Transcribe the data underneath exactly. No images belong in your version.

Segment Start: Data for processing

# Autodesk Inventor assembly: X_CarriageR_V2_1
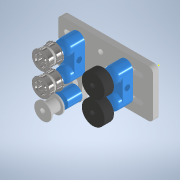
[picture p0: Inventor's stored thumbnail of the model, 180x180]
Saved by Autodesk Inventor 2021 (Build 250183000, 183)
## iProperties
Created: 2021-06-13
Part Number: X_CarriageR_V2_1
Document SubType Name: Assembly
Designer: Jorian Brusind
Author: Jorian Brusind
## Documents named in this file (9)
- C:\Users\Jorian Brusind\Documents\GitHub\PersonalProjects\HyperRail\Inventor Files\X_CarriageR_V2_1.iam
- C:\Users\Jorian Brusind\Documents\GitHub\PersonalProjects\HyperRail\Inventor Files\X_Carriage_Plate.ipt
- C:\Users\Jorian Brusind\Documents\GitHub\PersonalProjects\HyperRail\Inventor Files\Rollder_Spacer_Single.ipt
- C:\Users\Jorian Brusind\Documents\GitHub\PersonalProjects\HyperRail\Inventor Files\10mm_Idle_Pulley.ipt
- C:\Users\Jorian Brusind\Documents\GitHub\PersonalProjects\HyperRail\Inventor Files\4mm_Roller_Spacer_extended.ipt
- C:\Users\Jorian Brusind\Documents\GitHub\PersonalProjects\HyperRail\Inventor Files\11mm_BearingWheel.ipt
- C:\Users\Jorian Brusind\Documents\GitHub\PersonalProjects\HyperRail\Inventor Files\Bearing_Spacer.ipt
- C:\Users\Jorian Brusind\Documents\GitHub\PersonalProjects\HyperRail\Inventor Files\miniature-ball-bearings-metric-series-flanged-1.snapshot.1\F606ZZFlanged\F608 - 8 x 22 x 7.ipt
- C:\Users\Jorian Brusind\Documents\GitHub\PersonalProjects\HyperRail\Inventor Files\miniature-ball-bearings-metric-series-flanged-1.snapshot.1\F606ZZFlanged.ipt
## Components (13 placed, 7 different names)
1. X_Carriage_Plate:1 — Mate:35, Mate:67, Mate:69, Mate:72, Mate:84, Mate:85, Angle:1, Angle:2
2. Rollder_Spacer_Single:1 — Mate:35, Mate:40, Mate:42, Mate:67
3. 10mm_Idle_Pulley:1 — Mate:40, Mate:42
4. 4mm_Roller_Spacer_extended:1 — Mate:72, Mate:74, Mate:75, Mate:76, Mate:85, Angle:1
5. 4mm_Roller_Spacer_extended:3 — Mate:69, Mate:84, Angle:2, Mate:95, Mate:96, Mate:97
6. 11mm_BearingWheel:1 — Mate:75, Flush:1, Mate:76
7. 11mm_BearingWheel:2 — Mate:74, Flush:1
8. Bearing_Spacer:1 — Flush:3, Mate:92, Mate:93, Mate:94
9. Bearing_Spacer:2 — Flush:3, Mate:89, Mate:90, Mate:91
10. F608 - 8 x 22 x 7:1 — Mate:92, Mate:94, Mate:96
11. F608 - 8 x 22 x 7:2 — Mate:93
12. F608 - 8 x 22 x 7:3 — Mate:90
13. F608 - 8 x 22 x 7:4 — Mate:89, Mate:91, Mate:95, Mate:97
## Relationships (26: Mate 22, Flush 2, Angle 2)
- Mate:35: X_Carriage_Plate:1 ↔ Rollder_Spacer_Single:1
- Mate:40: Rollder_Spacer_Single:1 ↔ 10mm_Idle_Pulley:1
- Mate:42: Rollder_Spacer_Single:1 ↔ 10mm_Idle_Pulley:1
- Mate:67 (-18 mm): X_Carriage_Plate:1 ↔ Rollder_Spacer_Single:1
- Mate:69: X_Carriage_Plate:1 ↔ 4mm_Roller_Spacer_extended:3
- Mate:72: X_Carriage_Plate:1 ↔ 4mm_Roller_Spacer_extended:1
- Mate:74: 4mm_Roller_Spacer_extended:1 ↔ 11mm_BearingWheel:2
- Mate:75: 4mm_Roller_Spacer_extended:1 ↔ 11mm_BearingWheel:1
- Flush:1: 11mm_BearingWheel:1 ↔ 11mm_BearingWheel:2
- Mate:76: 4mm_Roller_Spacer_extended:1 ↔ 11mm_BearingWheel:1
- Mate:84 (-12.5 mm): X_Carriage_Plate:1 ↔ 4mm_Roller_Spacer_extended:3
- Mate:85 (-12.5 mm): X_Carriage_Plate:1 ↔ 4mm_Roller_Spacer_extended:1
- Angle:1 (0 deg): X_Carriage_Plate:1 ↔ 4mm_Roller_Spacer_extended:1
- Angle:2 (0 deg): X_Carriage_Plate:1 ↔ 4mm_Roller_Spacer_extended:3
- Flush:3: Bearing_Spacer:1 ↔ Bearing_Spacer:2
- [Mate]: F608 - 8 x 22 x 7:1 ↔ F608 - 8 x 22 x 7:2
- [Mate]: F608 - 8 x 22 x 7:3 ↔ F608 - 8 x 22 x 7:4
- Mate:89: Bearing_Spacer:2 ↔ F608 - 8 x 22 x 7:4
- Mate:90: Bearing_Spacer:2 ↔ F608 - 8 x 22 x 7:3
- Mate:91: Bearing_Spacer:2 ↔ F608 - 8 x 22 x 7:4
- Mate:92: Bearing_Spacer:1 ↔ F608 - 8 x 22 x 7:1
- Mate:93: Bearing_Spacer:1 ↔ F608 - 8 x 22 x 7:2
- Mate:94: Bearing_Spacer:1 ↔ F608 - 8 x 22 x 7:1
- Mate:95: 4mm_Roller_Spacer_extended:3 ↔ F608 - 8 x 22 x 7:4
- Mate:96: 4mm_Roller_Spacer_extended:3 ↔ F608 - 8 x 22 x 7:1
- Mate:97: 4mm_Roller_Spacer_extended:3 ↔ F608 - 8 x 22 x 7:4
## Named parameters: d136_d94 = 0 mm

Segment End: Data for processing

**Written response**
# Autodesk Inventor assembly: X_CarriageR_V2_1
[picture p0: Inventor's stored thumbnail of the model, 180x180]
Saved by Autodesk Inventor 2021 (Build 250183000, 183)
## iProperties
Created: 2021-06-13
Part Number: X_CarriageR_V2_1
Document SubType Name: Assembly
Designer: Jorian Brusind
Author: Jorian Brusind
## Documents named in this file (9)
- C:\Users\Jorian Brusind\Documents\GitHub\PersonalProjects\HyperRail\Inventor Files\X_CarriageR_V2_1.iam
- C:\Users\Jorian Brusind\Documents\GitHub\PersonalProjects\HyperRail\Inventor Files\X_Carriage_Plate.ipt
- C:\Users\Jorian Brusind\Documents\GitHub\PersonalProjects\HyperRail\Inventor Files\Rollder_Spacer_Single.ipt
- C:\Users\Jorian Brusind\Documents\GitHub\PersonalProjects\HyperRail\Inventor Files\10mm_Idle_Pulley.ipt
- C:\Users\Jorian Brusind\Documents\GitHub\PersonalProjects\HyperRail\Inventor Files\4mm_Roller_Spacer_extended.ipt
- C:\Users\Jorian Brusind\Documents\GitHub\PersonalProjects\HyperRail\Inventor Files\11mm_BearingWheel.ipt
- C:\Users\Jorian Brusind\Documents\GitHub\PersonalProjects\HyperRail\Inventor Files\Bearing_Spacer.ipt
- C:\Users\Jorian Brusind\Documents\GitHub\PersonalProjects\HyperRail\Inventor Files\miniature-ball-bearings-metric-series-flanged-1.snapshot.1\F606ZZFlanged\F608 - 8 x 22 x 7.ipt
- C:\Users\Jorian Brusind\Documents\GitHub\PersonalProjects\HyperRail\Inventor Files\miniature-ball-bearings-metric-series-flanged-1.snapshot.1\F606ZZFlanged.ipt
## Components (13 placed, 7 different names)
1. X_Carriage_Plate:1 — Mate:35, Mate:67, Mate:69, Mate:72, Mate:84, Mate:85, Angle:1, Angle:2
2. Rollder_Spacer_Single:1 — Mate:35, Mate:40, Mate:42, Mate:67
3. 10mm_Idle_Pulley:1 — Mate:40, Mate:42
4. 4mm_Roller_Spacer_extended:1 — Mate:72, Mate:74, Mate:75, Mate:76, Mate:85, Angle:1
5. 4mm_Roller_Spacer_extended:3 — Mate:69, Mate:84, Angle:2, Mate:95, Mate:96, Mate:97
6. 11mm_BearingWheel:1 — Mate:75, Flush:1, Mate:76
7. 11mm_BearingWheel:2 — Mate:74, Flush:1
8. Bearing_Spacer:1 — Flush:3, Mate:92, Mate:93, Mate:94
9. Bearing_Spacer:2 — Flush:3, Mate:89, Mate:90, Mate:91
10. F608 - 8 x 22 x 7:1 — Mate:92, Mate:94, Mate:96
11. F608 - 8 x 22 x 7:2 — Mate:93
12. F608 - 8 x 22 x 7:3 — Mate:90
13. F608 - 8 x 22 x 7:4 — Mate:89, Mate:91, Mate:95, Mate:97
## Relationships (26: Mate 22, Flush 2, Angle 2)
- Mate:35: X_Carriage_Plate:1 ↔ Rollder_Spacer_Single:1
- Mate:40: Rollder_Spacer_Single:1 ↔ 10mm_Idle_Pulley:1
- Mate:42: Rollder_Spacer_Single:1 ↔ 10mm_Idle_Pulley:1
- Mate:67 (-18 mm): X_Carriage_Plate:1 ↔ Rollder_Spacer_Single:1
- Mate:69: X_Carriage_Plate:1 ↔ 4mm_Roller_Spacer_extended:3
- Mate:72: X_Carriage_Plate:1 ↔ 4mm_Roller_Spacer_extended:1
- Mate:74: 4mm_Roller_Spacer_extended:1 ↔ 11mm_BearingWheel:2
- Mate:75: 4mm_Roller_Spacer_extended:1 ↔ 11mm_BearingWheel:1
- Flush:1: 11mm_BearingWheel:1 ↔ 11mm_BearingWheel:2
- Mate:76: 4mm_Roller_Spacer_extended:1 ↔ 11mm_BearingWheel:1
- Mate:84 (-12.5 mm): X_Carriage_Plate:1 ↔ 4mm_Roller_Spacer_extended:3
- Mate:85 (-12.5 mm): X_Carriage_Plate:1 ↔ 4mm_Roller_Spacer_extended:1
- Angle:1 (0 deg): X_Carriage_Plate:1 ↔ 4mm_Roller_Spacer_extended:1
- Angle:2 (0 deg): X_Carriage_Plate:1 ↔ 4mm_Roller_Spacer_extended:3
- Flush:3: Bearing_Spacer:1 ↔ Bearing_Spacer:2
- [Mate]: F608 - 8 x 22 x 7:1 ↔ F608 - 8 x 22 x 7:2
- [Mate]: F608 - 8 x 22 x 7:3 ↔ F608 - 8 x 22 x 7:4
- Mate:89: Bearing_Spacer:2 ↔ F608 - 8 x 22 x 7:4
- Mate:90: Bearing_Spacer:2 ↔ F608 - 8 x 22 x 7:3
- Mate:91: Bearing_Spacer:2 ↔ F608 - 8 x 22 x 7:4
- Mate:92: Bearing_Spacer:1 ↔ F608 - 8 x 22 x 7:1
- Mate:93: Bearing_Spacer:1 ↔ F608 - 8 x 22 x 7:2
- Mate:94: Bearing_Spacer:1 ↔ F608 - 8 x 22 x 7:1
- Mate:95: 4mm_Roller_Spacer_extended:3 ↔ F608 - 8 x 22 x 7:4
- Mate:96: 4mm_Roller_Spacer_extended:3 ↔ F608 - 8 x 22 x 7:1
- Mate:97: 4mm_Roller_Spacer_extended:3 ↔ F608 - 8 x 22 x 7:4
## Named parameters: d136_d94 = 0 mm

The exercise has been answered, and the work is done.